I should say that ONI is very cooperative about addressing the process now -- and -- now that they and the Mayor's office apparently see the value and merit of it being taoed and aired (I'm making a broad assumption here -- I do know the Director of ONI sees its merit) -- maybe it will become a part of the general process as these meetings continue throughout the year. I for one, hope so....
allehseya on 14 Jun 2005
And, of course the NA folks want better support and opportunities to do their work. They are proud of what they do, they understand its value to the city and their neighborhoods. They are mission-driven folks, just like all the volunteers working in all the other non-profits in Portland. And the "value" of their work to Portland is like that of most other volunteers as well -- priceless.
I agree completely regarding their value and I do value them, as I think you know -- I also think that there are some real and even -- valid -- issues centered around the reservation that ONI be the bureau that is charged with a broader "Citizen Involvement" mission.
Chris Lowe on 14 Jun 2005
An extensive community process, beginning in July 2005, will identify the shared values of all Portland citizens.
It occurs to me that one value shared fairly widely, perhaps more widely than any other, is that it's a good thing that Portland culture tolerates and encourages a diversity of values.
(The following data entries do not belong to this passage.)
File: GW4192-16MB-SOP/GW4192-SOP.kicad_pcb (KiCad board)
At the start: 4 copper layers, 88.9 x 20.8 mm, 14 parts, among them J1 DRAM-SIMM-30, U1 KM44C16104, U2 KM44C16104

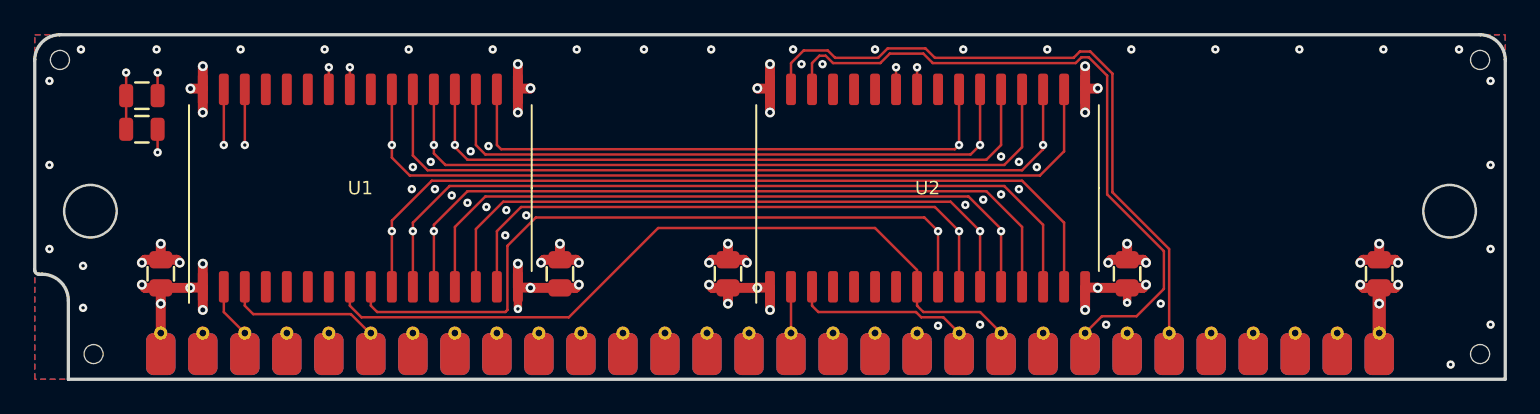
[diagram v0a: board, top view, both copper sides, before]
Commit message: Update to KiCAD 6
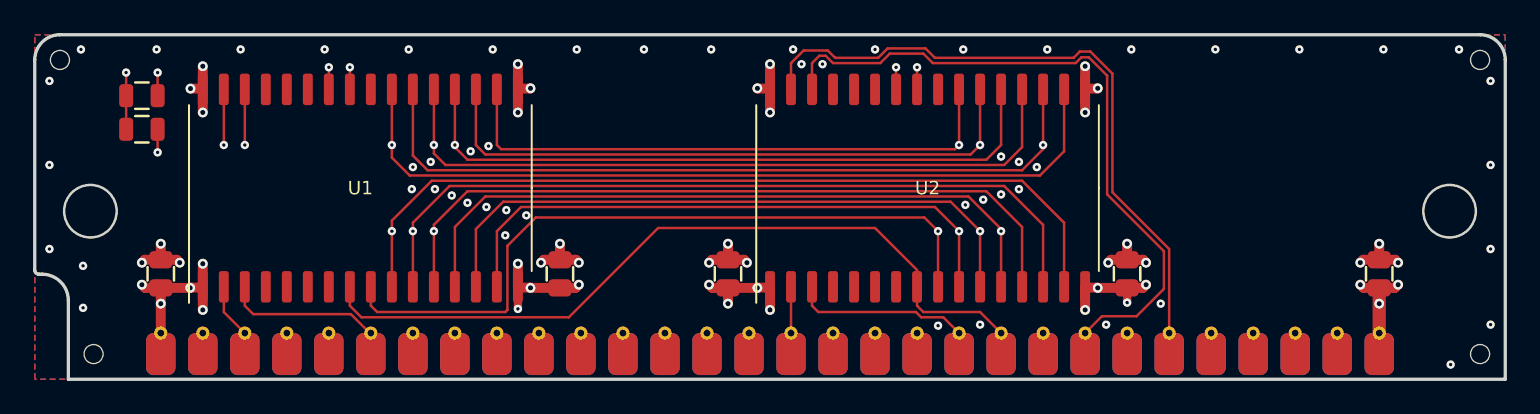
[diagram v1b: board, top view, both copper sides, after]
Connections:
- net /~CASP~ renamed /~{CASP}
- net /~CAS~ renamed /~{CAS}
- net /~OE~ renamed /~{OE}
- net /~RAS~ renamed /~{RAS}
- net /~WE~ renamed /~{WE}
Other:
- net class Default removed

The presumption that there are shared values of all Portland citizens seems to me to need scrutiny.
The restriction of a strategic plan to such values or something approaching that level of consensus also troubles me. Shouldn't a strategic plan include strategy for dealing with things people disagree about, and for dealing with disagreements in a constructive way?
I am completely ignorant about the Bureau Innovation Project and what persons, forces or interests shaped its recommendations. But this has me worried. The thing is, I don't know whether to be worried because this consensus focus is a recipe for doing nothing, because so little will be included unless it is at the level of being all things to all people? Or should I that this is a vehicle for powerful interests to define values they prefer as consensus values, falsely?